2

Can somebody point me to the right direction as I'm unable to generate binding classes with PyXB when element names are non ASCII?

The minimal reproducible example:

<?xml version="1.0" encoding="utf8"?>
<xs:schema elementFormDefault="qualified" xmlns:xs="http://www.w3.org/2001/XMLSchema">
  <xs:element name="Address">
    <xs:complexType>
      <xs:sequence>
        <xs:element name="Country" type="xs:string" />
        <xs:element name="Street" type="xs:string" />
        <xs:element name="Town" type="xs:string" />       
        <xs:element name="Дом" type="xs:string" />
      </xs:sequence>
    </xs:complexType>
  </xs:element>
</xs:schema>

(look for the <xs:element name="Дом" type="xs:string" /> where I use cyrillic. The encoding of the file is utf8. However, when I try:

pyxbgen -u example.xsd -m example

I got the error:

Traceback (most recent call last):
  File "/home/sergey/anaconda3/lib/python3.5/xml/sax/expatreader.py", line 210, in feed
    self._parser.Parse(data, isFinal)
xml.parsers.expat.ExpatError: not well-formed (invalid token): line 9, column 26

During handling of the above exception, another exception occurred:

Traceback (most recent call last):
  File "/home/sergey/anaconda3/bin/pyxbgen", line 52, in <module>
    generator.resolveExternalSchema()
.......

which points to the cyrillic name of the element. What am I missing?

Sergey Bushmanov
  • 23,310
  • 7
  • 53
  • 72

1 Answers1

2

UTF8 is spelled "utf-8" in XML and in Python.

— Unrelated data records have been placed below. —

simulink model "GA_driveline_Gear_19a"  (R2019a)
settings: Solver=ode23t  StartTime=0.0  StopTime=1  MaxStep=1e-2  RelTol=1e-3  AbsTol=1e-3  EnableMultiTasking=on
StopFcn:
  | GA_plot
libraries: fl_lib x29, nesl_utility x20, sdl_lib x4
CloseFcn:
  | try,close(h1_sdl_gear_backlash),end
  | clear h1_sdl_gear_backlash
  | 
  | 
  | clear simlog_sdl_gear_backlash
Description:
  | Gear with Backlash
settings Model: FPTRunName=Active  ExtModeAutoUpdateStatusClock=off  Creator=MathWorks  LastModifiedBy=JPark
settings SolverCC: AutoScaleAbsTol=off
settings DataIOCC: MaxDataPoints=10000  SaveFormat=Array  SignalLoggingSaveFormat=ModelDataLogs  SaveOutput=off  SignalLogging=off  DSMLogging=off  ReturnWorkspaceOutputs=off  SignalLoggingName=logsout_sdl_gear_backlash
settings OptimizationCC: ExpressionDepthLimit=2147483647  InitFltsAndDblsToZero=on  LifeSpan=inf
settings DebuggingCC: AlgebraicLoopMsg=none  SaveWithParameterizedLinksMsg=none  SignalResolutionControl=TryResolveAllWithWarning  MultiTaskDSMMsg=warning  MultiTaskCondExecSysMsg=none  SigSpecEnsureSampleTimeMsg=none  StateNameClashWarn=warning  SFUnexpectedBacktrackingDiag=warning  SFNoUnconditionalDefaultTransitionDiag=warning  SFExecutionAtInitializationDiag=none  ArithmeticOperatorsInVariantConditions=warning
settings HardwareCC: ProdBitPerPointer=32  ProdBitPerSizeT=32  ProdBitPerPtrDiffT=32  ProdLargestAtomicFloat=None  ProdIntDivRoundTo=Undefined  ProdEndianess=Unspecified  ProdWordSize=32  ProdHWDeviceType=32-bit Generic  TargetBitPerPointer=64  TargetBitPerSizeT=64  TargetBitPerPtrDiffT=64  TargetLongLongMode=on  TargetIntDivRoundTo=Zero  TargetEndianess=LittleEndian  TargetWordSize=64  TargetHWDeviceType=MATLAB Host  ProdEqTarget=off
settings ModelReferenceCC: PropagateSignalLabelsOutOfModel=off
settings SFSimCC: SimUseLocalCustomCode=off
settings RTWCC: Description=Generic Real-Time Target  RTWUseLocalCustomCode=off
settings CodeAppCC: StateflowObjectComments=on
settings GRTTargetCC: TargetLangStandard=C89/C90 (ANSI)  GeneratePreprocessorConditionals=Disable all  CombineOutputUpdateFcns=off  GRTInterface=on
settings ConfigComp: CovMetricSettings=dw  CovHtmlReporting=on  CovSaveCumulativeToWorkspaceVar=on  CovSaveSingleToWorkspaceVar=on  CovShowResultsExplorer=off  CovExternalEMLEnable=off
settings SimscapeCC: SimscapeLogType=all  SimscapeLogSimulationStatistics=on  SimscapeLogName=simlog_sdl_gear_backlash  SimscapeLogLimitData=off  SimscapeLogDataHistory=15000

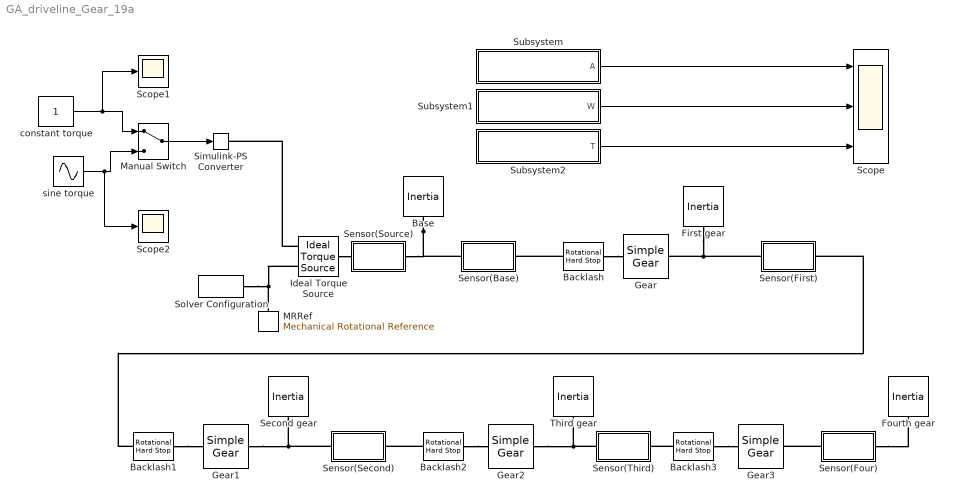
== system GA_driveline_Gear_19a ==
  Backlash{,1..3} (4 alike) : fl_lib/Mechanical/Rotational Elements/Rotational Hard Stop  upper_bnd=0.2 deg  lower_bnd=-0.2 deg  stiff_up=1e+6 N*m/rad  stiff_low=1e+6 N*m/rad  D_up=100 N*m/(rad/s)  D_low=100 N*m/(rad/s)  model=simscape.enum.hardstop.fulldamped  transition=0.001 rad  w_specify=off  w_priority=None  w=0 rad/s  w_nominal_specify=off  w_nominal_unit=rad/s  w_nominal_value=1  t_specify=off  t_priority=None  t=0 N*m  t_nominal_specify=off  t_nominal_unit=N*m  t_nominal_value=1  phi_specify=on  phi_priority=High  phi=0 rad  phi_nominal_specify=off  phi_nominal_unit=rad  phi_nominal_value=1
      settings: SourceProductName=Simscape  SourceProductBaseCode=SS
  Base : fl_lib/Mechanical/Rotational Elements/Inertia  inertia=1 kg*m^2  w_specify=on  w_priority=High  w=0 rad/s  w_nominal_specify=off  w_nominal_unit=rad/s  w_nominal_value=1  t_specify=off  t_priority=None  t=0 N*m  t_nominal_specify=off  t_nominal_unit=N*m  t_nominal_value=1
  First gear : fl_lib/Mechanical/Rotational Elements/Inertia  inertia=1 kg*m^2  w_specify=on  w_priority=High  w=0 rad/s  w_nominal_specify=off  w_nominal_unit=rad/s  w_nominal_value=1  t_specify=off  t_priority=None  t=0 N*m  t_nominal_specify=off  t_nominal_unit=N*m  t_nominal_value=1
  Fourth gear : fl_lib/Mechanical/Rotational Elements/Inertia  inertia=2e-5 kg*m^2  w_specify=on  w_priority=High  w=0 rad/s  w_nominal_specify=off  w_nominal_unit=rad/s  w_nominal_value=1  t_specify=off  t_priority=None  t=0 N*m  t_nominal_specify=off  t_nominal_unit=N*m  t_nominal_value=1
  Gear : sdl_lib/Gears/Simple Gear  ratio=4.5  rotation_direction=1  friction_model=sdl.enum.gear_efficiencies_load.off  T_noload=0.1 N*m  T_nom=5 N*m  efficiency_nom=0.8  efficiency=0.8  mu_visc=[ 0 0 ] N*m/(rad/s)  w_thr=0.01 rad/s  pwr_thr=0.001 W  enable_faults=simscape.enum.onoff.off  efficiency_fault=0.05  external_fault=simscape.enum.onoff.off  temporal_fault=simscape.enum.onoff.off  fault_time=5 s  fault_angles=pi / 12 rad  report_fault=1  temperature_TLU=[ 280 300 320 ] K  load_TLU=[ 1 5 10 ] N*m  efficiency_TLU=[ 0.95 0.9 0.85 ]  efficiency_TLU2=[ 0.85 0.8 0.75; 0.95 0.9 0.85; 0.85 0.8 0.7 ]  thermal_mass=50 J/K  T_init=300 K
      settings: SourceProductName=Simscape Driveline
  Gear1 : sdl_lib/Gears/Simple Gear  ratio=4.5  rotation_direction=1  friction_model=sdl.enum.gear_efficiencies_load.off  T_noload=0.1 N*m  T_nom=5 N*m  efficiency_nom=0.8  efficiency=0.8  mu_visc=[ 0 0 ] N*m/(rad/s)  w_thr=0.01 rad/s  pwr_thr=0.001 W  enable_faults=simscape.enum.onoff.off  efficiency_fault=0.05  external_fault=simscape.enum.onoff.off  temporal_fault=simscape.enum.onoff.off  fault_time=5 s  fault_angles=pi / 12 rad  report_fault=1  temperature_TLU=[ 280 300 320 ] K  load_TLU=[ 1 5 10 ] N*m  efficiency_TLU=[ 0.95 0.9 0.85 ]  efficiency_TLU2=[ 0.85 0.8 0.75; 0.95 0.9 0.85; 0.85 0.8 0.7 ]  thermal_mass=50 J/K  T_init=300 K
      settings: SourceProductName=Simscape Driveline
  Gear2 : sdl_lib/Gears/Simple Gear  ratio=4.5  rotation_direction=1  friction_model=sdl.enum.gear_efficiencies_load.off  T_noload=0.1 N*m  T_nom=5 N*m  efficiency_nom=0.8  efficiency=0.8  mu_visc=[ 0 0 ] N*m/(rad/s)  w_thr=0.01 rad/s  pwr_thr=0.001 W  enable_faults=simscape.enum.onoff.off  efficiency_fault=0.05  external_fault=simscape.enum.onoff.off  temporal_fault=simscape.enum.onoff.off  fault_time=5 s  fault_angles=pi / 12 rad  report_fault=1  temperature_TLU=[ 280 300 320 ] K  load_TLU=[ 1 5 10 ] N*m  efficiency_TLU=[ 0.95 0.9 0.85 ]  efficiency_TLU2=[ 0.85 0.8 0.75; 0.95 0.9 0.85; 0.85 0.8 0.7 ]  thermal_mass=50 J/K  T_init=300 K
      settings: SourceProductName=Simscape Driveline
  Gear3 : sdl_lib/Gears/Simple Gear  ratio=3.1  rotation_direction=1  friction_model=sdl.enum.gear_efficiencies_load.off  T_noload=0.1 N*m  T_nom=5 N*m  efficiency_nom=0.8  efficiency=0.8  mu_visc=[ 0 0 ] N*m/(rad/s)  w_thr=0.01 rad/s  pwr_thr=0.001 W  enable_faults=simscape.enum.onoff.off  efficiency_fault=0.05  external_fault=simscape.enum.onoff.off  temporal_fault=simscape.enum.onoff.off  fault_time=5 s  fault_angles=pi / 12 rad  report_fault=1  temperature_TLU=[ 280 300 320 ] K  load_TLU=[ 1 5 10 ] N*m  efficiency_TLU=[ 0.95 0.9 0.85 ]  efficiency_TLU2=[ 0.85 0.8 0.75; 0.95 0.9 0.85; 0.85 0.8 0.7 ]  thermal_mass=50 J/K  T_init=300 K
      settings: SourceProductName=Simscape Driveline
  Ideal Torque Source : fl_lib/Mechanical/Mechanical Sources/Ideal Torque Source
  MRRef : fl_lib/Mechanical/Rotational Elements/Mechanical Rotational Reference
  Manual Switch : ManualSwitch
  Scope : Scope  NumInputPorts=3
  Scope1 : Scope
  Scope2 : Scope
  Second gear : fl_lib/Mechanical/Rotational Elements/Inertia  inertia=1 kg*m^2  w_specify=on  w_priority=High  w=0 rad/s  w_nominal_specify=off  w_nominal_unit=rad/s  w_nominal_value=1  t_specify=off  t_priority=None  t=0 N*m  t_nominal_specify=off  t_nominal_unit=N*m  t_nominal_value=1
  Sensor(Base) : Subsystem
  Sensor(First) : Subsystem
  Sensor(Four) : Subsystem
  Sensor(Second) : Subsystem
  Sensor(Source) : Subsystem
  Sensor(Third) : Subsystem
  Simulink-PS Converter : nesl_utility/Simulink-PS Converter  PhysicalDomain=network_engine_domain  SubClassName=ps_input  LeftPortType=input  RightPortType=output  PseudoPeriodic=off  Frequencies=[]  NoiseDistribution=none  NoiseParameters=[]  Unit=1  AffineConversion=off  FilteringAndDerivatives=provide  SimscapeFilterOrder=1  InputFilterTimeConstant=0.001  UdotUserProvided=0
  Solver Configuration : nesl_utility/Solver Configuration  PhysicalDomain=network_engine_domain  SubClassName=solver  LeftPortType=input  RightPortType=generic  Tones=[]  Harmonics=[]  SimulateNoise=off  Profile=off  UseLocalSampling=off  EnableSwitchedLinearOptims=on  FrequencyDomain=off  UseCCode=off  RelTol=0.001  AbsTol=1e-06  MinStep=1e-09  ToWorkspace=off  RevertToSquareIcSolve=off  NumHomotopyIterations=100  PhasorMode=off  PhasorModeNumHarmonics=1  DoDC=off  ResidualTolerance=1e-9  UseLocalSolver=off  LocalSolverChoice=NE_PARTITIONING_ADVANCER  LocalSolverSampleTime=0.0001  DoFixedCost=off  MaxNonlinIter=3  MaxModeIter=2  LinearAlgebra=auto  EquationFormulation=NE_TIME_EF  DelaysMemoryBudget=1024  AutomaticFiltering=on  FilteringTimeConstant=0.001  PartitionStorageMethod=EXHAUSTIVE  PartitionMemoryBudget=1024  PartitionMethod=ROBUST
  Subsystem : Subsystem
  Subsystem1 : Subsystem
  Subsystem2 : Subsystem
  Third gear : fl_lib/Mechanical/Rotational Elements/Inertia  inertia=1 kg*m^2  w_specify=on  w_priority=High  w=0 rad/s  w_nominal_specify=off  w_nominal_unit=rad/s  w_nominal_value=1  t_specify=off  t_priority=None  t=0 N*m  t_nominal_specify=off  t_nominal_unit=N*m  t_nominal_value=1
  constant torque : Constant
  sine torque : Sin  Amplitude=100  Frequency=2*pi*1  Phase=1/2*pi  SampleTime=0
  wires:
  constant torque/1 -> Scope1/1, Manual Switch/1
  sine torque/1 -> Scope2/1, Manual Switch/2
  Manual Switch/1 -> Simulink-PS Converter/1
  Subsystem/1(A) -> Scope/1
  Subsystem1/1(W) -> Scope/2
  Subsystem2/1(T) -> Scope/3
  connections:
  Base/LConn1 -- Sensor(Source)/RConn1 -- Sensor(Base)/LConn1
  MRRef/LConn1 -- Ideal Torque Source/RConn2 -- Solver Configuration/RConn1
  Backlash/RConn1 -- Gear/LConn1
  First gear/LConn1 -- Sensor(First)/LConn1 -- Gear/RConn1
  Backlash1/RConn1 -- Gear1/LConn1
  Gear1/RConn1 -- Sensor(Second)/LConn1 -- Second gear/LConn1
  Gear2/RConn1 -- Sensor(Third)/LConn1 -- Third gear/LConn1
  Backlash2/RConn1 -- Gear2/LConn1
  Backlash3/RConn1 -- Gear3/LConn1
  Ideal Torque Source/RConn1 -- Simulink-PS Converter/RConn1
  Backlash/LConn1 -- Sensor(Base)/RConn1
  Backlash1/LConn1 -- Sensor(First)/RConn1
  Backlash2/LConn1 -- Sensor(Second)/RConn1
  Backlash3/LConn1 -- Sensor(Third)/RConn1
  Sensor(Four)/LConn1 -- Gear3/RConn1
  Sensor(Four)/RConn1 -- Fourth gear/LConn1
  Ideal Torque Source/LConn1 -- Sensor(Source)/LConn1

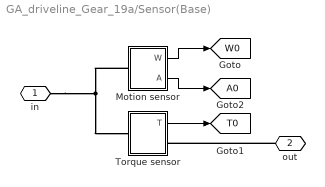
== system GA_driveline_Gear_19a/Sensor(Base) ==
  Motion sensor : Subsystem
  Torque sensor : Subsystem
  in : PMIOPort  Side=Left
  out : PMIOPort  Port=2  Side=Right
  tag scope: A0=global, T0=global, W0=global
  wires:
  Motion sensor/1(W) -> [W0]
  Torque sensor/1(T) -> [T0]
  Motion sensor/2(A) -> [A0]
  connections:
  in/RConn1 -- Motion sensor/LConn1 -- Torque sensor/LConn1
  out/RConn1 -- Torque sensor/RConn1

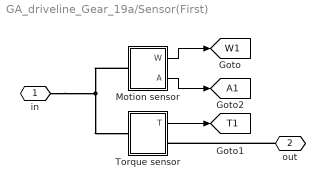
== system GA_driveline_Gear_19a/Sensor(First) ==
  Motion sensor : Subsystem
  Torque sensor : Subsystem
  in : PMIOPort  Side=Left
  out : PMIOPort  Port=2  Side=Right
  tag scope: A1=global, T1=global, W1=global
  wires:
  Motion sensor/1(W) -> [W1]
  Torque sensor/1(T) -> [T1]
  Motion sensor/2(A) -> [A1]
  connections:
  in/RConn1 -- Motion sensor/LConn1 -- Torque sensor/LConn1
  out/RConn1 -- Torque sensor/RConn1

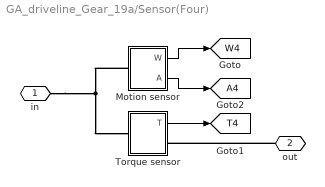
== system GA_driveline_Gear_19a/Sensor(Four) ==
  Motion sensor : Subsystem
  Torque sensor : Subsystem
  in : PMIOPort  Side=Left
  out : PMIOPort  Port=2  Side=Right
  tag scope: A4=global, T4=global, W4=global
  wires:
  Motion sensor/1(W) -> [W4]
  Torque sensor/1(T) -> [T4]
  Motion sensor/2(A) -> [A4]
  connections:
  in/RConn1 -- Motion sensor/LConn1 -- Torque sensor/LConn1
  out/RConn1 -- Torque sensor/RConn1

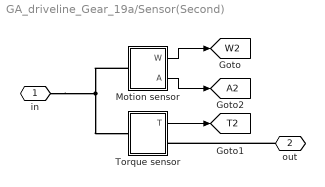
== system GA_driveline_Gear_19a/Sensor(Second) ==
  Motion sensor : Subsystem
  Torque sensor : Subsystem
  in : PMIOPort  Side=Left
  out : PMIOPort  Port=2  Side=Right
  tag scope: A2=global, T2=global, W2=global
  wires:
  Motion sensor/1(W) -> [W2]
  Torque sensor/1(T) -> [T2]
  Motion sensor/2(A) -> [A2]
  connections:
  in/RConn1 -- Motion sensor/LConn1 -- Torque sensor/LConn1
  out/RConn1 -- Torque sensor/RConn1

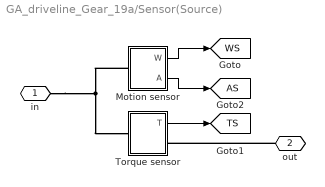
== system GA_driveline_Gear_19a/Sensor(Source) ==
  Motion sensor : Subsystem
  Torque sensor : Subsystem
  in : PMIOPort  Side=Left
  out : PMIOPort  Port=2  Side=Right
  tag scope: AS=global, TS=global, WS=global
  wires:
  Motion sensor/1(W) -> [WS]
  Torque sensor/1(T) -> [TS]
  Motion sensor/2(A) -> [AS]
  connections:
  in/RConn1 -- Motion sensor/LConn1 -- Torque sensor/LConn1
  out/RConn1 -- Torque sensor/RConn1

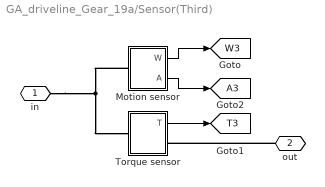
== system GA_driveline_Gear_19a/Sensor(Third) ==
  Motion sensor : Subsystem
  Torque sensor : Subsystem
  in : PMIOPort  Side=Left
  out : PMIOPort  Port=2  Side=Right
  tag scope: A3=global, T3=global, W3=global
  wires:
  Motion sensor/1(W) -> [W3]
  Torque sensor/1(T) -> [T3]
  Motion sensor/2(A) -> [A3]
  connections:
  in/RConn1 -- Motion sensor/LConn1 -- Torque sensor/LConn1
  out/RConn1 -- Torque sensor/RConn1

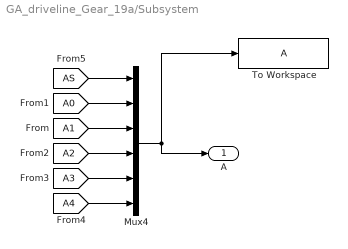
== system GA_driveline_Gear_19a/Subsystem ==
  Mux4 : Mux  Inputs=6
  To Workspace : ToWorkspace  VariableName=A  SaveFormat=Timeseries  SampleTime=-1
  A : Outport
  wires:
  Mux4/1 -> A/1, To Workspace/1
  [AS] -> Mux4/1
  [A0] -> Mux4/2
  [A1] -> Mux4/3
  [A2] -> Mux4/4
  [A3] -> Mux4/5
  [A4] -> Mux4/6

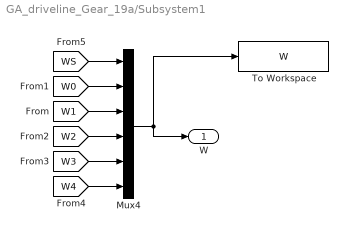
== system GA_driveline_Gear_19a/Subsystem1 ==
  Mux4 : Mux  Inputs=6
  To Workspace : ToWorkspace  VariableName=W  SaveFormat=Timeseries  SampleTime=-1
  W : Outport
  wires:
  Mux4/1 -> W/1, To Workspace/1
  [WS] -> Mux4/1
  [W0] -> Mux4/2
  [W1] -> Mux4/3
  [W2] -> Mux4/4
  [W3] -> Mux4/5
  [W4] -> Mux4/6

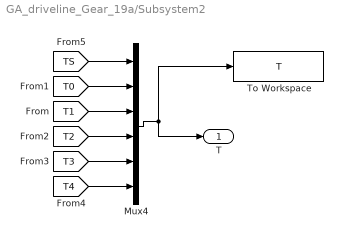
== system GA_driveline_Gear_19a/Subsystem2 ==
  Mux4 : Mux  Inputs=6
  To Workspace : ToWorkspace  VariableName=T  SaveFormat=Timeseries  SampleTime=-1
  T : Outport
  wires:
  Mux4/1 -> T/1, To Workspace/1
  [TS] -> Mux4/1
  [T0] -> Mux4/2
  [T1] -> Mux4/3
  [T2] -> Mux4/4
  [T3] -> Mux4/5
  [T4] -> Mux4/6

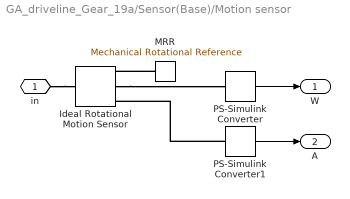
== system GA_driveline_Gear_19a/Sensor(Base)/Motion sensor ==
  Ideal Rotational Motion Sensor : fl_lib/Mechanical/Mechanical Sensors/Ideal Rotational Motion Sensor  offset=0 rad
  MRR : fl_lib/Mechanical/Rotational Elements/Mechanical Rotational Reference
  PS-Simulink Converter : nesl_utility/PS-Simulink Converter  PhysicalDomain=network_engine_domain  SubClassName=ps_output  LeftPortType=input  RightPortType=output  PseudoPeriodic=off  Frequencies=[]  Unit=rad/s  AffineConversion=off
  PS-Simulink Converter1 : nesl_utility/PS-Simulink Converter  PhysicalDomain=network_engine_domain  SubClassName=ps_output  LeftPortType=input  RightPortType=output  PseudoPeriodic=off  Frequencies=[]  Unit=rad  AffineConversion=off
  in : PMIOPort  Side=Left
  W : Outport  VectorParamsAs1DForOutWhenUnconnected=off
  A : Outport  Port=2  VectorParamsAs1DForOutWhenUnconnected=off
  wires:
  PS-Simulink Converter/1 -> W/1
  PS-Simulink Converter1/1 -> A/1
  connections:
  in/RConn1 -- Ideal Rotational Motion Sensor/LConn1
  Ideal Rotational Motion Sensor/RConn2 -- PS-Simulink Converter/LConn1
  MRR/LConn1 -- Ideal Rotational Motion Sensor/RConn1
  PS-Simulink Converter1/LConn1 -- Ideal Rotational Motion Sensor/RConn3

== system GA_driveline_Gear_19a/Sensor(Base)/Torque sensor ==
  PS2S : nesl_utility/PS-Simulink Converter  PhysicalDomain=network_engine_domain  SubClassName=ps_output  LeftPortType=input  RightPortType=output  PseudoPeriodic=off  Frequencies=[]  Unit=N*m  AffineConversion=off
  Torque Sensor : fl_lib/Mechanical/Mechanical Sensors/Ideal Torque Sensor
  B : PMIOPort  Side=Right
  in : PMIOPort  Port=2  Side=Left
  T : Outport  VectorParamsAs1DForOutWhenUnconnected=off
  wires:
  PS2S/1 -> T/1
  connections:
  in/RConn1 -- Torque Sensor/LConn1
  B/RConn1 -- Torque Sensor/RConn1
  Torque Sensor/RConn2 -- PS2S/LConn1

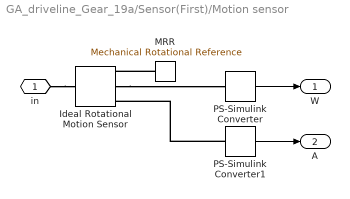
== system GA_driveline_Gear_19a/Sensor(First)/Motion sensor ==
  Ideal Rotational Motion Sensor : fl_lib/Mechanical/Mechanical Sensors/Ideal Rotational Motion Sensor  offset=0 rad
  MRR : fl_lib/Mechanical/Rotational Elements/Mechanical Rotational Reference
  PS-Simulink Converter : nesl_utility/PS-Simulink Converter  PhysicalDomain=network_engine_domain  SubClassName=ps_output  LeftPortType=input  RightPortType=output  PseudoPeriodic=off  Frequencies=[]  Unit=rad/s  AffineConversion=off
  PS-Simulink Converter1 : nesl_utility/PS-Simulink Converter  PhysicalDomain=network_engine_domain  SubClassName=ps_output  LeftPortType=input  RightPortType=output  PseudoPeriodic=off  Frequencies=[]  Unit=rad  AffineConversion=off
  in : PMIOPort  Side=Left
  W : Outport  VectorParamsAs1DForOutWhenUnconnected=off
  A : Outport  Port=2  VectorParamsAs1DForOutWhenUnconnected=off
  wires:
  PS-Simulink Converter/1 -> W/1
  PS-Simulink Converter1/1 -> A/1
  connections:
  in/RConn1 -- Ideal Rotational Motion Sensor/LConn1
  Ideal Rotational Motion Sensor/RConn2 -- PS-Simulink Converter/LConn1
  MRR/LConn1 -- Ideal Rotational Motion Sensor/RConn1
  PS-Simulink Converter1/LConn1 -- Ideal Rotational Motion Sensor/RConn3

== system GA_driveline_Gear_19a/Sensor(First)/Torque sensor ==
  PS2S : nesl_utility/PS-Simulink Converter  PhysicalDomain=network_engine_domain  SubClassName=ps_output  LeftPortType=input  RightPortType=output  PseudoPeriodic=off  Frequencies=[]  Unit=N*m  AffineConversion=off
  Torque Sensor : fl_lib/Mechanical/Mechanical Sensors/Ideal Torque Sensor
  B : PMIOPort  Side=Right
  in : PMIOPort  Port=2  Side=Left
  T : Outport  VectorParamsAs1DForOutWhenUnconnected=off
  wires:
  PS2S/1 -> T/1
  connections:
  in/RConn1 -- Torque Sensor/LConn1
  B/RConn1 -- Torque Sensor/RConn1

lilith[33]$ head -1 /tmp/cyr.xsd 
<?xml version="1.0" encoding="utf-8"?>
lilith[34]$ pyxbgen -u /tmp/cyr.xsd -m cyr
WARNING:pyxb.binding.generate:Element use None.Дом renamed to emptyString
Python for AbsentNamespace0 requires 1 modules

That PyXB generates an element named emptystring instead of one named Дом is problem, though. PyXB was designed long before Python 3 and unicode support, and it goes to great effort to convert text to valid Python 2 identifiers.

Since you're using Python 3 it should be possible to bypass that conversion, but it's not quite trivial. Track issue 67, or if there's a Cyrillic transliteration you prefer the technique demonstrated here for Japanese might work.

pabigot
  • 989
  • 7
  • 8